# Boot Freezes



## dstoup (May 21, 2009)

Hi all,

I am trying to get freeBSD installed and running for the first time and I am bumping into problems when I try to boot the system for the first time after install.

The problem actually started while installing the system.  If I selected the default boot selection from the main menu the process would freeze at the following line ....

GEOM_LABEL: Label for provider acd0 is iso9660/FreeBSD_Install

I got around this by selecting safe-mode install.  It still hung at the same spot but only for a few seconds, then it would jump directly to the graphical install portion.

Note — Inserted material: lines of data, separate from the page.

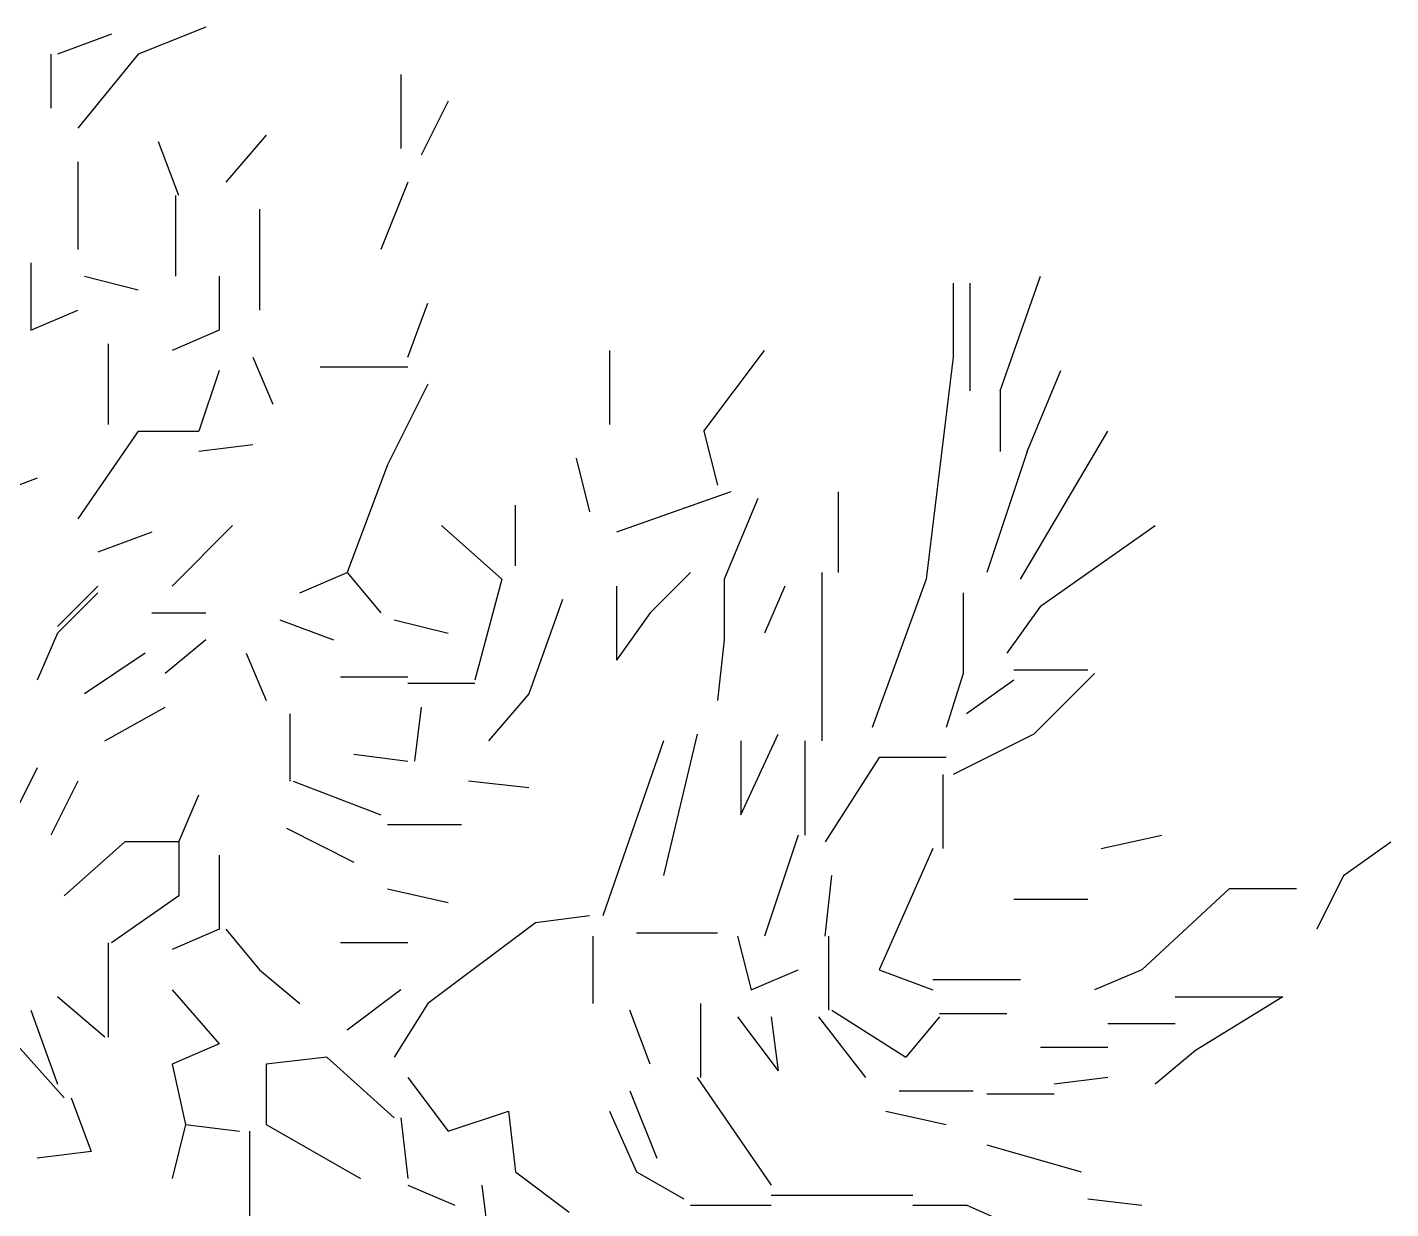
# Model space of a CAD drawing. Header units: metres. Extents: x -2.5 to 2, y 0 to 11.
# Drawn here: x 0.164 to 1.19, y 9.162 to 10.051 of the extents above; entities that cross this region are included whole.
import ezdxf

# ---------------------------------------------------------------- set-up
doc = ezdxf.new("R2010")
doc.units = ezdxf.units.M
doc.header["$LTSCALE"] = 0.2

msp = doc.modelspace()

# ---------------------------------------------------------------- linework, layer by layer
at = {"linetype": 'Continuous'}
for p, q in [((0.2272, 10.0457), (0.1866, 10.0305)), ((0.2272, 10.0457), (0.1866, 10.0305)), ((0.2272, 10.0457), (0.1866, 10.0305)), ((0.2272, 10.0457), (0.1866, 10.0305)), ((0.2272, 10.0457), (0.1866, 10.0305)), ((0.2272, 10.0457), (0.1866, 10.0305)), ((0.2272, 10.0457), (0.1866, 10.0305)), ((0.2272, 10.0457), (0.1866, 10.0305)), ((0.2272, 10.0457), (0.1866, 10.0305)), ((0.2272, 10.0457), (0.1866, 10.0305)), ((0.2981, 10.0508), (0.2474, 10.0305)), ((0.2981, 10.0508), (0.2474, 10.0305)), ((0.2981, 10.0508), (0.2474, 10.0305)), ((0.2981, 10.0508), (0.2474, 10.0305)), ((0.2981, 10.0508), (0.2474, 10.0305)), ((0.1816, 10.0305), (0.1816, 9.99)), ((0.1816, 10.0305), (0.1816, 9.99)), ((0.1816, 10.0305), (0.1816, 9.99)), ((0.2474, 10.0305), (0.2018, 9.9748)), ((0.2474, 10.0305), (0.2018, 9.9748)), ((0.2474, 10.0305), (0.2018, 9.9748)), ((0.2474, 10.0305), (0.2018, 9.9748)), ((0.2474, 10.0305), (0.2018, 9.9748)), ((0.2474, 10.0305), (0.2018, 9.9748)), ((0.445, 10.0153), (0.445, 9.9596)), ((0.4805, 9.9951), (0.4602, 9.9545)), ((0.4805, 9.9951), (0.4602, 9.9545)), ((0.4805, 9.9951), (0.4602, 9.9545)), ((0.4805, 9.9951), (0.4602, 9.9545)), ((0.4805, 9.9951), (0.4602, 9.9545)), ((0.4805, 9.9951), (0.4602, 9.9545)), ((0.4805, 9.9951), (0.4602, 9.9545)), ((0.4805, 9.9951), (0.4602, 9.9545)), ((0.4805, 9.9951), (0.4602, 9.9545)), ((0.2778, 9.9242), (0.2626, 9.9647)), ((0.2778, 9.9242), (0.2626, 9.9647)), ((0.2778, 9.9242), (0.2626, 9.9647)), ((0.2778, 9.9242), (0.2626, 9.9647)), ((0.2778, 9.9242), (0.2626, 9.9647)), ((0.2778, 9.9242), (0.2626, 9.9647)), ((0.2778, 9.9242), (0.2626, 9.9647)), ((0.3437, 9.9697), (0.3133, 9.9343)), ((0.3437, 9.9697), (0.3133, 9.9343)), ((0.3437, 9.9697), (0.3133, 9.9343)), ((0.3437, 9.9697), (0.3133, 9.9343)), ((0.3437, 9.9697), (0.3133, 9.9343)), ((0.3437, 9.9697), (0.3133, 9.9343)), ((0.3437, 9.9697), (0.3133, 9.9343)), ((0.3437, 9.9697), (0.3133, 9.9343)), ((0.2018, 9.9495), (0.2018, 9.8836)), ((0.4501, 9.9343), (0.4298, 9.8836)), ((0.2753, 9.9242), (0.2753, 9.8634)), ((0.3386, 9.914), (0.3386, 9.838)), ((0.3386, 9.914), (0.3386, 9.838)), ((0.3386, 9.914), (0.3386, 9.838)), ((0.1664, 9.8735), (0.1664, 9.8228)), ((0.1664, 9.8735), (0.1664, 9.8228)), ((0.1664, 9.8735), (0.1664, 9.8228)), ((0.1664, 9.8735), (0.1664, 9.8228)), ((0.1664, 9.8735), (0.1664, 9.8228)), ((0.1664, 9.8735), (0.1664, 9.8228)), ((0.1664, 9.8735), (0.1664, 9.8228)), ((0.1664, 9.8735), (0.1664, 9.8228)), ((0.1664, 9.8735), (0.1664, 9.8228)), ((0.1664, 9.8735), (0.1664, 9.8228)), ((0.1664, 9.8735), (0.1664, 9.8228)), ((0.1664, 9.8735), (0.1664, 9.8228)), ((0.1664, 9.8735), (0.1664, 9.8228)), ((0.1664, 9.8735), (0.1664, 9.8228)), ((0.1664, 9.8735), (0.1664, 9.8228)), ((0.1664, 9.8735), (0.1664, 9.8228)), ((0.1664, 9.8735), (0.1664, 9.8228)), ((0.1664, 9.8735), (0.1664, 9.8228)), ((0.2069, 9.8634), (0.2474, 9.8532)), ((0.2069, 9.8634), (0.2474, 9.8532)), ((0.2069, 9.8634), (0.2474, 9.8532)), ((0.2069, 9.8634), (0.2474, 9.8532)), ((0.2069, 9.8634), (0.2474, 9.8532)), ((0.2069, 9.8634), (0.2474, 9.8532)), ((0.3082, 9.8634), (0.3082, 9.8228)), ((0.3082, 9.8634), (0.3082, 9.8228)), ((0.3082, 9.8634), (0.3082, 9.8228)), ((0.3082, 9.8634), (0.3082, 9.8228)), ((0.3082, 9.8634), (0.3082, 9.8228)), ((0.3082, 9.8634), (0.3082, 9.8228)), ((0.3082, 9.8634), (0.3082, 9.8228)), ((0.3082, 9.8634), (0.3082, 9.8228)), ((0.3082, 9.8634), (0.3082, 9.8228)), ((0.8959, 9.7772), (0.9263, 9.8634)), ((0.8959, 9.7772), (0.9263, 9.8634)), ((0.8959, 9.7772), (0.9263, 9.8634)), ((0.8604, 9.8583), (0.8604, 9.8026)), ((0.8604, 9.8583), (0.8604, 9.8026)), ((0.8604, 9.8583), (0.8604, 9.8026)), ((0.8604, 9.8583), (0.8604, 9.8026)), ((0.8604, 9.8583), (0.8604, 9.8026)), ((0.8604, 9.8583), (0.8604, 9.8026)), ((0.8604, 9.8583), (0.8604, 9.8026)), ((0.8604, 9.8583), (0.8604, 9.8026)), ((0.8604, 9.8583), (0.8604, 9.8026)), ((0.8604, 9.8583), (0.8604, 9.8026)), ((0.8604, 9.8583), (0.8604, 9.8026)), ((0.8604, 9.8583), (0.8604, 9.8026)), ((0.8604, 9.8583), (0.8604, 9.8026)), ((0.8604, 9.8583), (0.8604, 9.8026)), ((0.8731, 9.8583), (0.8731, 9.7772)), ((0.8731, 9.8583), (0.8731, 9.7772)), ((0.1664, 9.8228), (0.2018, 9.838)), ((0.1664, 9.8228), (0.2018, 9.838)), ((0.1664, 9.8228), (0.2018, 9.838)), ((0.1664, 9.8228), (0.2018, 9.838)), ((0.1664, 9.8228), (0.2018, 9.838)), ((0.1664, 9.8228), (0.2018, 9.838)), ((0.1664, 9.8228), (0.2018, 9.838)), ((0.1664, 9.8228), (0.2018, 9.838)), ((0.1664, 9.8228), (0.2018, 9.838)), ((0.1664, 9.8228), (0.2018, 9.838)), ((0.1664, 9.8228), (0.2018, 9.838)), ((0.1664, 9.8228), (0.2018, 9.838)), ((0.1664, 9.8228), (0.2018, 9.838)), ((0.1664, 9.8228), (0.2018, 9.838)), ((0.1664, 9.8228), (0.2018, 9.838)), ((0.1664, 9.8228), (0.2018, 9.838)), ((0.1664, 9.8228), (0.2018, 9.838)), ((0.1664, 9.8228), (0.2018, 9.838)), ((0.4501, 9.8026), (0.4653, 9.8431)), ((0.4501, 9.8026), (0.4653, 9.8431)), ((0.4501, 9.8026), (0.4653, 9.8431)), ((0.3082, 9.8228), (0.2728, 9.8076)), ((0.3082, 9.8228), (0.2728, 9.8076)), ((0.3082, 9.8228), (0.2728, 9.8076)), ((0.3082, 9.8228), (0.2728, 9.8076)), ((0.3082, 9.8228), (0.2728, 9.8076)), ((0.3082, 9.8228), (0.2728, 9.8076)), ((0.3082, 9.8228), (0.2728, 9.8076)), ((0.3082, 9.8228), (0.2728, 9.8076)), ((0.3082, 9.8228), (0.2728, 9.8076)), ((0.2246, 9.8127), (0.2246, 9.7519)), ((0.2246, 9.8127), (0.2246, 9.7519)), ((0.602, 9.8076), (0.602, 9.7519)), ((0.673, 9.7468), (0.7186, 9.8076)), ((0.3336, 9.8026), (0.3487, 9.7671)), ((0.3336, 9.8026), (0.3487, 9.7671)), ((0.8604, 9.8026), (0.8401, 9.6354)), ((0.8604, 9.8026), (0.8401, 9.6354)), ((0.8604, 9.8026), (0.8401, 9.6354)), ((0.8604, 9.8026), (0.8401, 9.6354)), ((0.8604, 9.8026), (0.8401, 9.6354)), ((0.8604, 9.8026), (0.8401, 9.6354)), ((0.8604, 9.8026), (0.8401, 9.6354)), ((0.8604, 9.8026), (0.8401, 9.6354)), ((0.8604, 9.8026), (0.8401, 9.6354)), ((0.8604, 9.8026), (0.8401, 9.6354)), ((0.8604, 9.8026), (0.8401, 9.6354)), ((0.8604, 9.8026), (0.8401, 9.6354)), ((0.8604, 9.8026), (0.8401, 9.6354)), ((0.8604, 9.8026), (0.8401, 9.6354)), ((0.3082, 9.7924), (0.293, 9.7468)), ((0.3082, 9.7924), (0.293, 9.7468)), ((0.3082, 9.7924), (0.293, 9.7468)), ((0.3082, 9.7924), (0.293, 9.7468)), ((0.3082, 9.7924), (0.293, 9.7468)), ((0.3082, 9.7924), (0.293, 9.7468)), ((0.3082, 9.7924), (0.293, 9.7468)), ((0.3082, 9.7924), (0.293, 9.7468)), ((0.4501, 9.795), (0.3842, 9.795)), ((0.4501, 9.795), (0.3842, 9.795)), ((0.4501, 9.795), (0.3842, 9.795)), ((0.9161, 9.7316), (0.9415, 9.7924)), ((0.9161, 9.7316), (0.9415, 9.7924)), ((0.9161, 9.7316), (0.9415, 9.7924)), ((0.9161, 9.7316), (0.9415, 9.7924)), ((0.9161, 9.7316), (0.9415, 9.7924)), ((0.9161, 9.7316), (0.9415, 9.7924)), ((0.9161, 9.7316), (0.9415, 9.7924)), ((0.9161, 9.7316), (0.9415, 9.7924)), ((0.9161, 9.7316), (0.9415, 9.7924)), ((0.9161, 9.7316), (0.9415, 9.7924)), ((0.9161, 9.7316), (0.9415, 9.7924)), ((0.9161, 9.7316), (0.9415, 9.7924)), ((0.9161, 9.7316), (0.9415, 9.7924)), ((0.9161, 9.7316), (0.9415, 9.7924)), ((0.9161, 9.7316), (0.9415, 9.7924)), ((0.9161, 9.7316), (0.9415, 9.7924)), ((0.9161, 9.7316), (0.9415, 9.7924)), ((0.9161, 9.7316), (0.9415, 9.7924)), ((0.4653, 9.7823), (0.4349, 9.7215)), ((0.8959, 9.7772), (0.8959, 9.7316)), ((0.8959, 9.7772), (0.8959, 9.7316)), ((0.8959, 9.7772), (0.8959, 9.7316)), ((0.8959, 9.7772), (0.8959, 9.7316)), ((0.2474, 9.7468), (0.2018, 9.681)), ((0.2474, 9.7468), (0.2018, 9.681)), ((0.2474, 9.7468), (0.2018, 9.681)), ((0.2474, 9.7468), (0.293, 9.7468)), ((0.673, 9.7468), (0.6831, 9.7063)), ((0.673, 9.7468), (0.6831, 9.7063)), ((0.673, 9.7468), (0.6831, 9.7063)), ((0.673, 9.7468), (0.6831, 9.7063)), ((0.9111, 9.6354), (0.9769, 9.7468)), ((0.9111, 9.6354), (0.9769, 9.7468)), ((0.9111, 9.6354), (0.9769, 9.7468)), ((0.3336, 9.7367), (0.293, 9.7316)), ((0.3336, 9.7367), (0.293, 9.7316)), ((0.5767, 9.7266), (0.5868, 9.6861)), ((0.5767, 9.7266), (0.5868, 9.6861)), ((0.9161, 9.7316), (0.8857, 9.6405)), ((0.9161, 9.7316), (0.8857, 9.6405)), ((0.9161, 9.7316), (0.8857, 9.6405)), ((0.9161, 9.7316), (0.8857, 9.6405)), ((0.4349, 9.7215), (0.4045, 9.6405)), ((0.4349, 9.7215), (0.4045, 9.6405)), ((0.1714, 9.7114), (0.1309, 9.6962)), ((0.1714, 9.7114), (0.1309, 9.6962)), ((0.6932, 9.7013), (0.6071, 9.6709)), ((0.6932, 9.7013), (0.6071, 9.6709)), ((0.7135, 9.6962), (0.6882, 9.6354)), ((0.7135, 9.6962), (0.6882, 9.6354)), ((0.7743, 9.6405), (0.7743, 9.7013)), ((0.7743, 9.6405), (0.7743, 9.7013)), ((0.7743, 9.6405), (0.7743, 9.7013)), ((0.7743, 9.6405), (0.7743, 9.7013)), ((0.7743, 9.6405), (0.7743, 9.7013)), ((0.7743, 9.6405), (0.7743, 9.7013)), ((0.7743, 9.6405), (0.7743, 9.7013)), ((0.5311, 9.6455), (0.5311, 9.6911)), ((0.3183, 9.6759), (0.2728, 9.6303)), ((0.3183, 9.6759), (0.2728, 9.6303)), ((0.3183, 9.6759), (0.2728, 9.6303)), ((0.521, 9.6354), (0.4754, 9.6759)), ((0.9263, 9.6151), (1.0124, 9.6759)), ((0.9263, 9.6151), (1.0124, 9.6759)), ((0.9263, 9.6151), (1.0124, 9.6759)), ((0.9263, 9.6151), (1.0124, 9.6759)), ((0.2576, 9.6709), (0.217, 9.6557)), ((0.2576, 9.6709), (0.217, 9.6557)), ((0.2576, 9.6709), (0.217, 9.6557)), ((0.2576, 9.6709), (0.217, 9.6557)), ((0.2576, 9.6709), (0.217, 9.6557)), ((0.2576, 9.6709), (0.217, 9.6557)), ((0.2576, 9.6709), (0.217, 9.6557)), ((0.369, 9.6253), (0.4045, 9.6405)), ((0.369, 9.6253), (0.4045, 9.6405)), ((0.369, 9.6253), (0.4045, 9.6405)), ((0.369, 9.6253), (0.4045, 9.6405)), ((0.369, 9.6253), (0.4045, 9.6405)), ((0.369, 9.6253), (0.4045, 9.6405)), ((0.369, 9.6253), (0.4045, 9.6405)), ((0.4045, 9.6405), (0.4298, 9.6101)), ((0.4045, 9.6405), (0.4298, 9.6101)), ((0.521, 9.6354), (0.5007, 9.5594)), ((0.521, 9.6354), (0.5007, 9.5594)), ((0.521, 9.6354), (0.5007, 9.5594)), ((0.521, 9.6354), (0.5007, 9.5594)), ((0.521, 9.6354), (0.5007, 9.5594)), ((0.6628, 9.6405), (0.6324, 9.6101)), ((0.6628, 9.6405), (0.6324, 9.6101)), ((0.6628, 9.6405), (0.6324, 9.6101)), ((0.6628, 9.6405), (0.6324, 9.6101)), ((0.6628, 9.6405), (0.6324, 9.6101)), ((0.6628, 9.6405), (0.6324, 9.6101)), ((0.6628, 9.6405), (0.6324, 9.6101)), ((0.6628, 9.6405), (0.6324, 9.6101)), ((0.6628, 9.6405), (0.6324, 9.6101)), ((0.6628, 9.6405), (0.6324, 9.6101)), ((0.6882, 9.6354), (0.6882, 9.5898)), ((0.6882, 9.6354), (0.6882, 9.5898)), ((0.7616, 9.6405), (0.7616, 9.5138)), ((0.7616, 9.6405), (0.7616, 9.5138)), ((0.8401, 9.6354), (0.7996, 9.5239)), ((0.8401, 9.6354), (0.7996, 9.5239)), ((0.217, 9.6303), (0.1866, 9.5999)), ((0.217, 9.6303), (0.1866, 9.5999)), ((0.217, 9.6303), (0.1866, 9.5999)), ((0.217, 9.6303), (0.1866, 9.5999)), ((0.217, 9.6303), (0.1866, 9.5999)), ((0.217, 9.6303), (0.1866, 9.5999)), ((0.217, 9.6253), (0.1866, 9.5949)), ((0.217, 9.6253), (0.1866, 9.5949)), ((0.6071, 9.6303), (0.6071, 9.5746)), ((0.6071, 9.6303), (0.6071, 9.5746)), ((0.7338, 9.6303), (0.7186, 9.5949)), ((0.7338, 9.6303), (0.7186, 9.5949)), ((0.868, 9.6253), (0.868, 9.5645)), ((0.868, 9.6253), (0.868, 9.5645)), ((0.868, 9.6253), (0.868, 9.5645)), ((0.5666, 9.6202), (0.5413, 9.5493)), ((0.5666, 9.6202), (0.5413, 9.5493)), ((0.5666, 9.6202), (0.5413, 9.5493)), ((0.5666, 9.6202), (0.5413, 9.5493)), ((0.5666, 9.6202), (0.5413, 9.5493)), ((0.5666, 9.6202), (0.5413, 9.5493)), ((0.5666, 9.6202), (0.5413, 9.5493)), ((0.5666, 9.6202), (0.5413, 9.5493)), ((0.5666, 9.6202), (0.5413, 9.5493)), ((0.5666, 9.6202), (0.5413, 9.5493)), ((0.5666, 9.6202), (0.5413, 9.5493)), ((0.5666, 9.6202), (0.5413, 9.5493)), ((0.5666, 9.6202), (0.5413, 9.5493)), ((0.5666, 9.6202), (0.5413, 9.5493)), ((0.5666, 9.6202), (0.5413, 9.5493)), ((0.5666, 9.6202), (0.5413, 9.5493)), ((0.5666, 9.6202), (0.5413, 9.5493)), ((0.5666, 9.6202), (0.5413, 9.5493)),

I installed the system successfully but when I boot for the first time the process freezes at the following line

ad4: 305245MB <Seagate ST3320620NS 3.AEE> at ata2-master SATA150

if it matters, this the line that came immediately before the line when I was freezing during the install.

Anyway, I tried several times to reburn the install disks at the slowest speed but the install always hangs at the same spot.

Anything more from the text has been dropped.